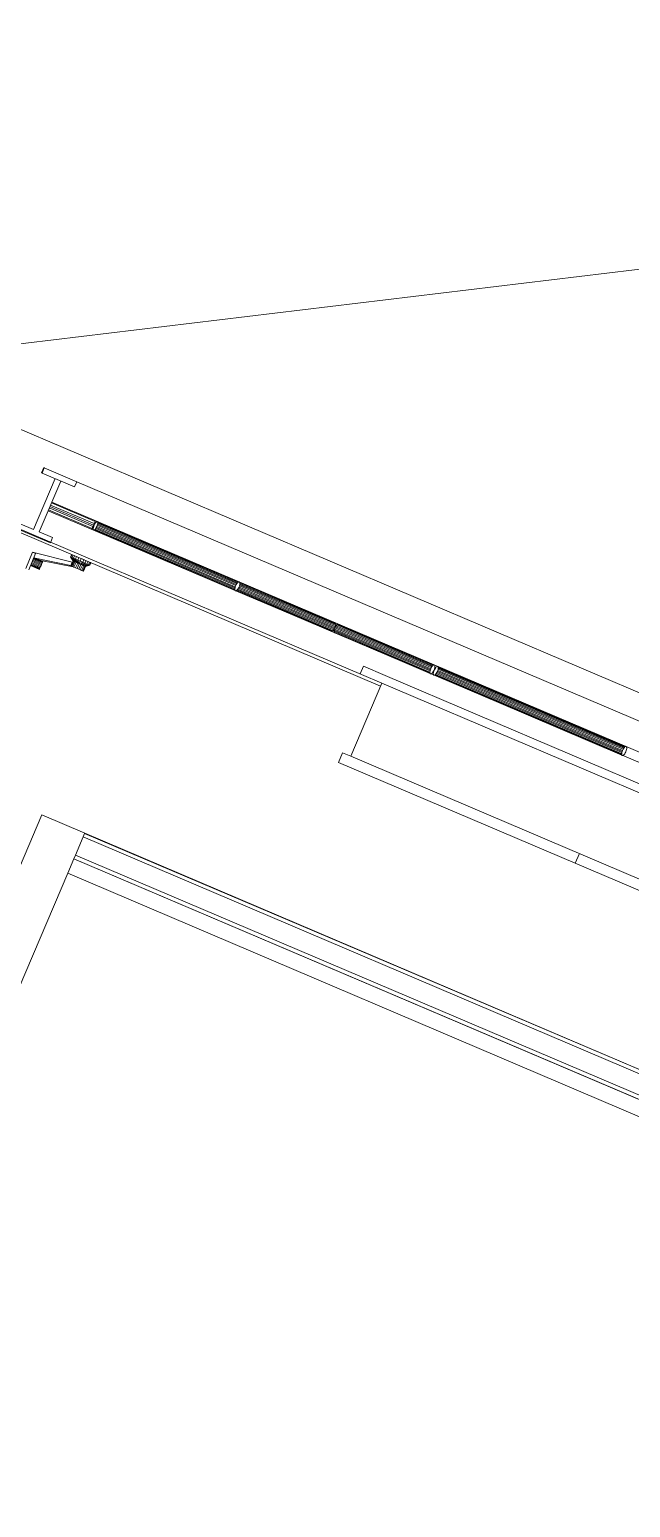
# Model space of a CAD drawing. Header units: metres. Extents: x -48 to 2360, y -1392 to 453.
# Drawn here: x 262.298 to 263.222, y -1266.804 to -1264.531 of the extents above; entities that cross this region are included whole.
import ezdxf

# ---------------------------------------------------------------- set-up
doc = ezdxf.new("R2010")
doc.units = ezdxf.units.M
doc.layers.add('MUEBLES', color=223, linetype='Continuous', lineweight=5, transparency=0.3)
doc.layers.add('SUELO', color=231, linetype='Continuous', lineweight=5, transparency=0.2)

msp = doc.modelspace()

# ---------------------------------------------------------------- linework, layer by layer
at = {"layer": 'MUEBLES', "transparency": 33554687}
for p, q in [((264.3117, -1266.0092), (262.2053, -1265.1121)), ((262.3168, -1265.2127), (262.3202, -1265.2046)), ((262.3168, -1265.2127), (262.3174, -1265.2129)), ((262.3174, -1265.2129), (262.3208, -1265.2049)), ((262.3675, -1265.2342), (262.3174, -1265.2129)), ((262.3208, -1265.2049), (262.3202, -1265.2046)), ((262.3208, -1265.2049), (262.3709, -1265.2262)), ((262.3042, -1265.2997), (262.3376, -1265.2215)), ((262.3461, -1265.2252), (262.3128, -1265.3034)), ((262.3709, -1265.2262), (262.3675, -1265.2342)), ((262.3709, -1265.2262), (264.1137, -1265.9685)), ((262.1472, -1265.2411), (264.2537, -1266.1382)), ((262.3304, -1265.2621), (262.3975, -1265.2906)), ((262.3318, -1265.2589), (262.3989, -1265.2874)), ((264.117, -1266.0176), (262.3323, -1265.2575)), ((262.3266, -1265.271), (264.1113, -1266.0311)), ((262.3943, -1265.2983), (262.3272, -1265.2697)), ((262.3956, -1265.2951), (262.3285, -1265.2665)), ((262.3966, -1265.2928), (262.3295, -1265.2643)), ((262.2813, -1265.3034), (262.8381, -1265.5405)), ((262.3302, -1265.3203), (262.2827, -1265.3001)), ((262.2835, -1265.2909), (262.3042, -1265.2997)), ((262.3128, -1265.3034), (262.3336, -1265.3122)), ((262.3943, -1265.2983), (262.3937, -1265.2996)), ((262.3956, -1265.2951), (262.3943, -1265.2983)), ((262.3966, -1265.2928), (262.3956, -1265.2951)), ((262.396, -1265.2995), (262.3961, -1265.2983)), ((262.3963, -1265.3004), (262.396, -1265.2995)), ((262.3961, -1265.2983), (262.3963, -1265.2967)), ((262.3963, -1265.2967), (262.3968, -1265.295)), ((262.3967, -1265.3009), (262.3963, -1265.3004)), ((262.3975, -1265.2906), (262.3966, -1265.2928)), ((262.3973, -1265.3009), (262.3967, -1265.3009)), ((262.3968, -1265.295), (262.3975, -1265.2932)), ((262.3981, -1265.3004), (262.3973, -1265.3009)), ((262.6144, -1265.3933), (262.3973, -1265.3009)), ((262.3989, -1265.2874), (262.3975, -1265.2906)), ((262.3975, -1265.2932), (262.3983, -1265.2915)), ((262.399, -1265.2995), (262.3981, -1265.3004)), ((262.6141, -1265.3924), (262.3981, -1265.3004)), ((262.3983, -1265.2915), (262.3992, -1265.29)), ((262.3994, -1265.2861), (262.3989, -1265.2874)), ((262.3999, -1265.2983), (262.399, -1265.2995)), ((262.614, -1265.3911), (262.399, -1265.2995)), ((262.3992, -1265.29), (262.4001, -1265.2887)), ((262.4008, -1265.2967), (262.3999, -1265.2983)), ((262.6142, -1265.3895), (262.3999, -1265.2983)), ((262.4001, -1265.2887), (262.401, -1265.2879)), ((262.4017, -1265.295), (262.4008, -1265.2967)), ((262.6146, -1265.3878), (262.4008, -1265.2967)), ((262.401, -1265.2879), (262.4018, -1265.2874)), ((262.4023, -1265.2932), (262.4017, -1265.295)), ((262.4017, -1265.295), (262.6153, -1265.386)), ((262.4018, -1265.2874), (262.4024, -1265.2874)), ((262.4028, -1265.2915), (262.4023, -1265.2932)), ((262.4023, -1265.2932), (262.6161, -1265.3843)), ((262.4024, -1265.2874), (262.4029, -1265.2879)), ((262.4031, -1265.29), (262.4028, -1265.2915)), ((262.4028, -1265.2915), (262.617, -1265.3828)), ((262.4029, -1265.2879), (262.6199, -1265.3803)), ((262.4029, -1265.2879), (262.4031, -1265.2887)), ((262.4031, -1265.2887), (262.619, -1265.3807)), ((262.4031, -1265.2887), (262.4031, -1265.29)), ((262.4031, -1265.29), (262.618, -1265.3816)), ((262.3336, -1265.3122), (262.3302, -1265.3203)), ((262.3028, -1265.3348), (262.2923, -1265.3595)), ((262.2969, -1265.3615), (262.3074, -1265.3368)), ((262.3003, -1265.3535), (262.3141, -1265.3594)), ((262.3008, -1265.3522), (262.3146, -1265.3581)), ((262.3014, -1265.3507), (262.3152, -1265.3566)), ((262.3021, -1265.3491), (262.3159, -1265.355)), ((262.3028, -1265.3348), (262.3639, -1265.3499)), ((262.3074, -1265.3368), (262.3028, -1265.3348)), ((262.3166, -1265.3534), (262.3028, -1265.3475)), ((262.3172, -1265.3519), (262.3034, -1265.346)), ((262.3178, -1265.3506), (262.304, -1265.3448)), ((262.3182, -1265.3497), (262.3044, -1265.3438)), ((262.3186, -1265.3488), (262.3047, -1265.343)), ((262.3185, -1265.3491), (262.3047, -1265.3432)), ((262.3617, -1265.3549), (262.3066, -1265.3438)), ((262.3655, -1265.3571), (262.3153, -1265.3475)), ((262.3159, -1265.355), (262.3166, -1265.3534)), ((262.3166, -1265.3534), (262.3172, -1265.3519)), ((262.3172, -1265.3519), (262.3178, -1265.3506)), ((262.3178, -1265.3506), (262.3182, -1265.3497)), ((262.3182, -1265.3497), (262.3185, -1265.3491)), ((262.3185, -1265.3491), (262.3186, -1265.3488)), ((262.3614, -1265.3419), (262.3631, -1265.3382)), ((262.3651, -1265.3482), (262.3614, -1265.3419)), ((262.3619, -1265.3421), (262.3614, -1265.3419)), ((262.3654, -1265.3483), (262.3614, -1265.3419)), ((262.3651, -1265.3482), (262.3617, -1265.3555)), ((262.3617, -1265.3549), (262.3639, -1265.3499)), ((262.3619, -1265.3421), (262.3636, -1265.3384)), ((262.3634, -1265.3428), (262.3619, -1265.3421)), ((262.3663, -1265.3487), (262.3619, -1265.3421)), ((262.3654, -1265.3483), (262.3619, -1265.3421)), ((262.3654, -1265.3483), (262.362, -1265.3556)), ((262.3663, -1265.3487), (262.363, -1265.356)), ((262.3634, -1265.3428), (262.3651, -1265.339)), ((262.3657, -1265.3438), (262.3634, -1265.3428)), ((262.3663, -1265.3487), (262.3634, -1265.3428)), ((262.3679, -1265.3494), (262.3634, -1265.3428)), ((262.3639, -1265.3499), (262.3642, -1265.3501)), ((262.3679, -1265.3494), (262.3645, -1265.3567)), ((262.3654, -1265.3483), (262.3651, -1265.3482)), ((262.3663, -1265.3487), (262.3654, -1265.3483)), ((262.3657, -1265.3438), (262.3674, -1265.34)), ((262.3687, -1265.3451), (262.3657, -1265.3438)), ((262.3657, -1265.3438), (262.3679, -1265.3494)), ((262.3699, -1265.3503), (262.3657, -1265.3438)), ((262.3679, -1265.3494), (262.3663, -1265.3487)), ((262.3699, -1265.3503), (262.3665, -1265.3576)), ((262.3699, -1265.3503), (262.3679, -1265.3494)), ((262.3687, -1265.3451), (262.3705, -1265.3413)), ((262.3722, -1265.3513), (262.3687, -1265.3451)), ((262.3699, -1265.3503), (262.3687, -1265.3451)), ((262.3723, -1265.3467), (262.3687, -1265.3451)), ((262.3722, -1265.3513), (262.3688, -1265.3586)), ((262.3722, -1265.3513), (262.3699, -1265.3503)), ((262.3747, -1265.3524), (262.3713, -1265.3597)), ((262.3723, -1265.3467), (262.3722, -1265.3513)), ((262.3747, -1265.3524), (262.3722, -1265.3513)), ((262.3723, -1265.3467), (262.374, -1265.3429)), ((262.3747, -1265.3524), (262.3723, -1265.3467)), ((262.3761, -1265.3483), (262.3723, -1265.3467)), ((262.3738, -1265.3608), (262.3772, -1265.3535)), ((262.3761, -1265.3483), (262.3747, -1265.3524)), ((262.3799, -1265.35), (262.3747, -1265.3524)), ((262.3772, -1265.3535), (262.3747, -1265.3524)), ((262.3778, -1265.3445), (262.3761, -1265.3483)), ((262.3799, -1265.35), (262.3761, -1265.3483)), ((262.3772, -1265.3535), (262.3799, -1265.35)), ((262.3834, -1265.3516), (262.3772, -1265.3535)), ((262.3795, -1265.3545), (262.3772, -1265.3535)), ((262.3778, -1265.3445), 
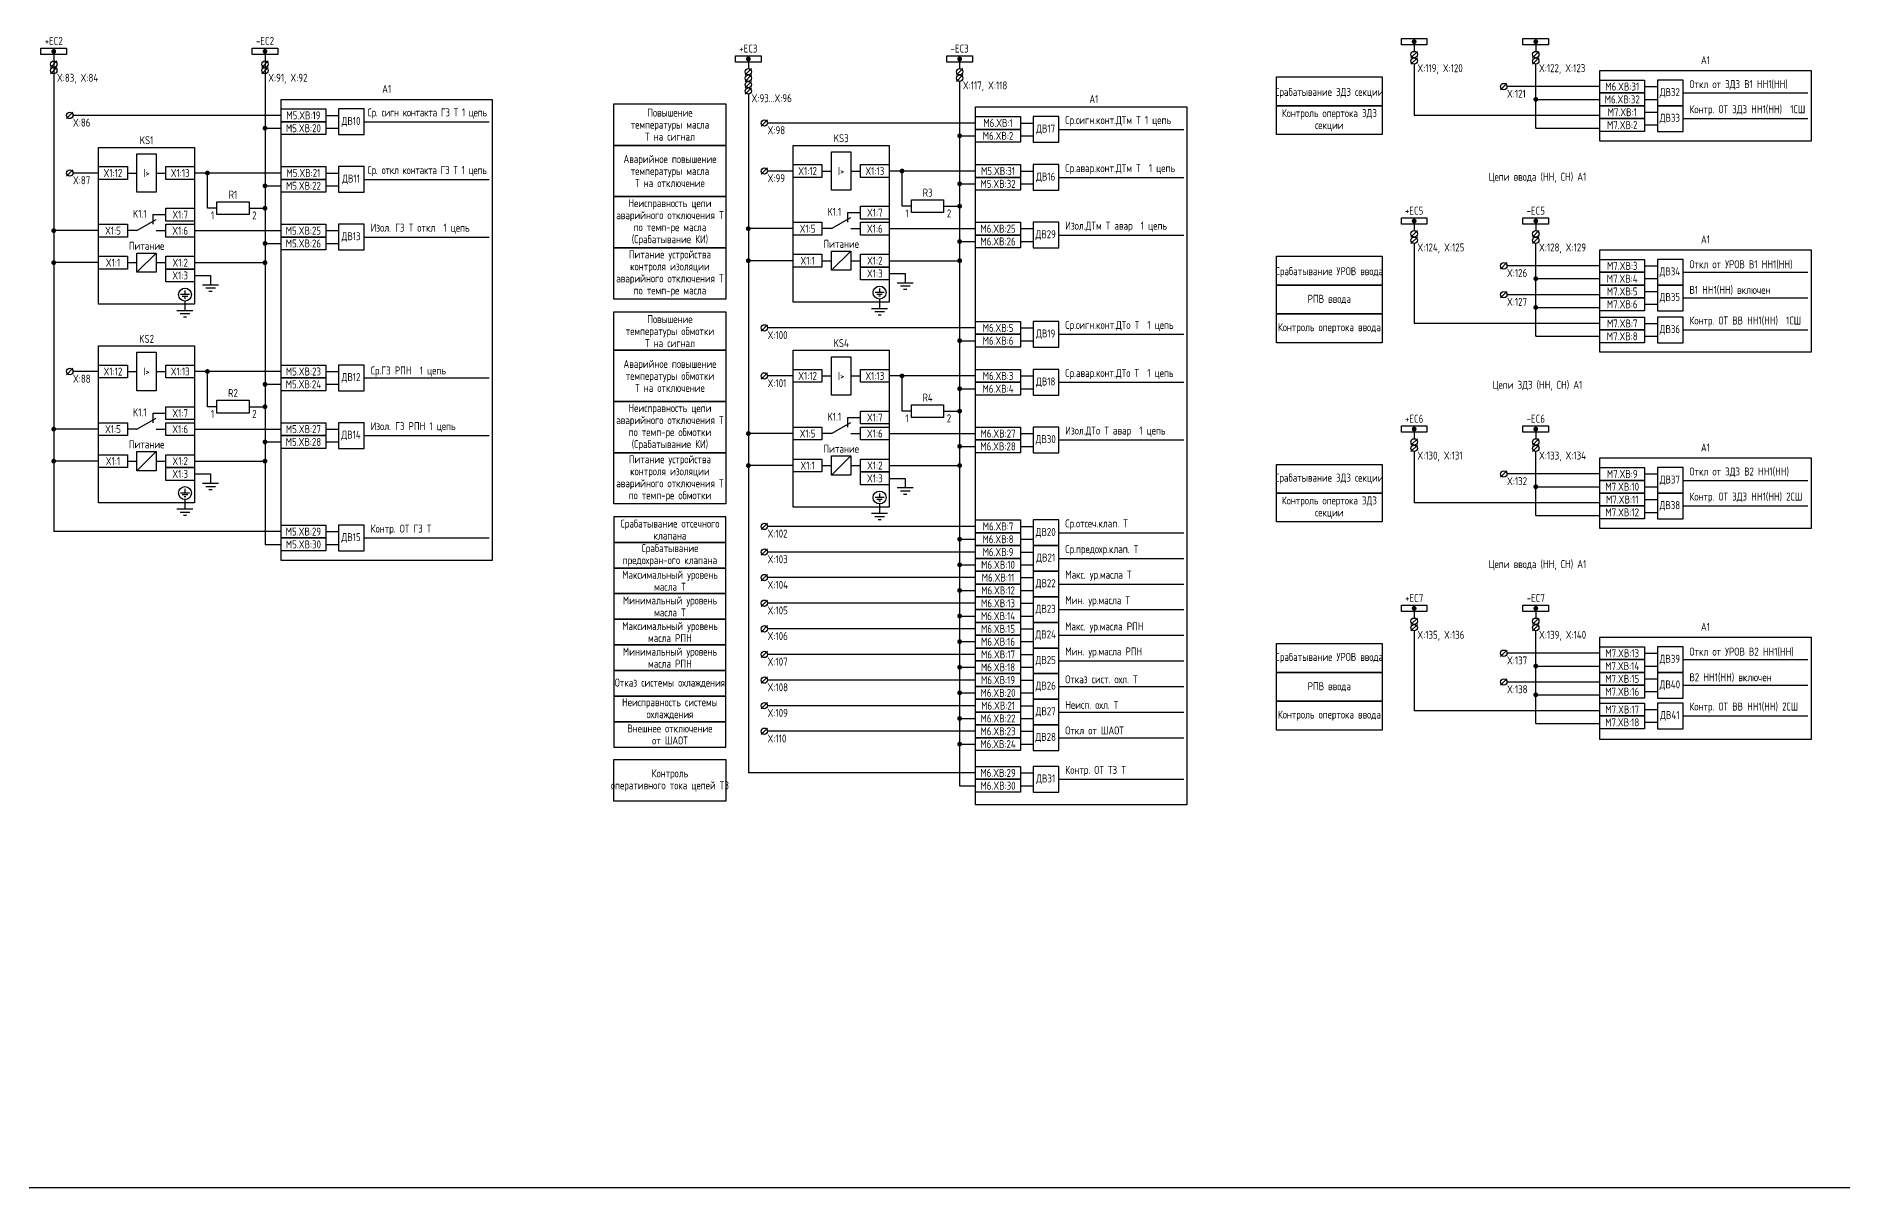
# Model space of a CAD drawing. Header units: millimetres. Extents: x -1533 to 5846, y -90 to 586.
# Drawn here: x 1108 to 1672, y -90 to 270 of the extents above; entities that cross this region are included whole.
import ezdxf

# ---------------------------------------------------------------- set-up
doc = ezdxf.new("R2010")
doc.units = ezdxf.units.MM
doc.styles.add('Gost_type_A', font='GOST_A.TTF')

# ---------------------------------------------------------------- blocks, each defined once
blk = doc.blocks.new('POINT')
at = {"const_width": 0.75}
blk.add_lwpolyline([(-0.375, 0, 1), (0.375, 0, 1)], format="xyb", close=True, dxfattribs=at)
blk = doc.blocks.new('Шинка')
blk.add_lwpolyline([(-4, 1), (4, 1), (4, -1), (-4, -1)], close=True)
blk.add_blockref('POINT', (0, 0))

msp = doc.modelspace()

# ---------------------------------------------------------------- linework, layer by layer
for p, q in [((1537.99, 268), (1537.99, 265)), ((1575.99, 268), (1575.99, 265)), ((1114, 262), (1112, 260)), ((1114, 260), (1112, 258)), ((1113, 265), (1113, 115)), ((1113, 265), (1113, 262)), ((1180, 262), (1178, 260)), ((1180, 260), (1178, 258)), ((1179, 265), (1179, 111)), ((1179, 265), (1179, 262)), ((1330, 262.62), (1330, 259.62)), ((1396, 262.62), (1396, 259.62)), ((1538.99, 265), (1536.99, 263)), ((1538.99, 263), (1536.99, 261)), ((1537.99, 261), (1537.99, 245)), ((1576.99, 265), (1574.99, 263)), ((1576.99, 263), (1574.99, 261)), ((1575.99, 241), (1575.99, 261)), ((1331, 259.62), (1329, 257.62)), ((1331, 257.62), (1329, 255.62)), ((1331, 255.62), (1329, 253.62)), ((1397, 259.62), (1395, 257.62)), ((1397, 257.62), (1395, 255.62)), ((1396, 255.62), (1396, 35.62)), ((1566.99, 255), (1564.99, 253)), ((1595.99, 254), (1566.99, 254)), ((1609.99, 254), (1613.99, 254)), ((1331, 253.62), (1329, 251.62)), ((1330, 251.62), (1330, 39.62)), ((1575.99, 250), (1595.99, 250)), ((1609.99, 250), (1613.99, 250)), ((1621.99, 252), (1660.99, 252)), ((1119, 246), (1117, 244)), ((1184, 245), (1119, 245)), ((1198, 245), (1202, 245)), ((1210, 243), (1249, 243)), ((1336, 243.62), (1334, 241.62)), ((1595.99, 245), (1537.99, 245)), ((1609.99, 246), (1613.99, 246)), ((1621.99, 244), (1660.99, 244)), ((1179, 241), (1184, 241)), ((1198, 241), (1202, 241)), ((1401, 242.62), (1336, 242.62)), ((1396, 238.62), (1401, 238.62)), ((1415, 242.62), (1419, 242.62)), ((1415, 238.62), (1419, 238.62)), ((1427, 240.62), (1466, 240.62)), ((1575.99, 241), (1595.99, 241)), ((1609.99, 242), (1613.99, 242)), ((1119, 228), (1117, 226)), ((1127, 227), (1119, 227)), ((1136, 227), (1139, 227)), ((1145, 227), (1148, 227)), ((1184, 227), (1157, 227)), ((1161, 216), (1161, 227)), ((1198, 227), (1202, 227)), ((1336, 228.62), (1334, 226.62)), ((1344, 227.62), (1336, 227.62)), ((1353, 227.62), (1356, 227.62)), ((1362, 227.62), (1365, 227.62)), ((1401, 227.62), (1374, 227.62)), ((1378, 216.62), (1378, 227.62)), ((1415, 227.62), (1419, 227.62)), ((1179, 223), (1184, 223)), ((1198, 223), (1202, 223)), ((1210, 225), (1249, 225)), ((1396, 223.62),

######

• **What to produce**:
In the records above, how many lines contain the word "whole"? State only the number.

• **Output below**:
2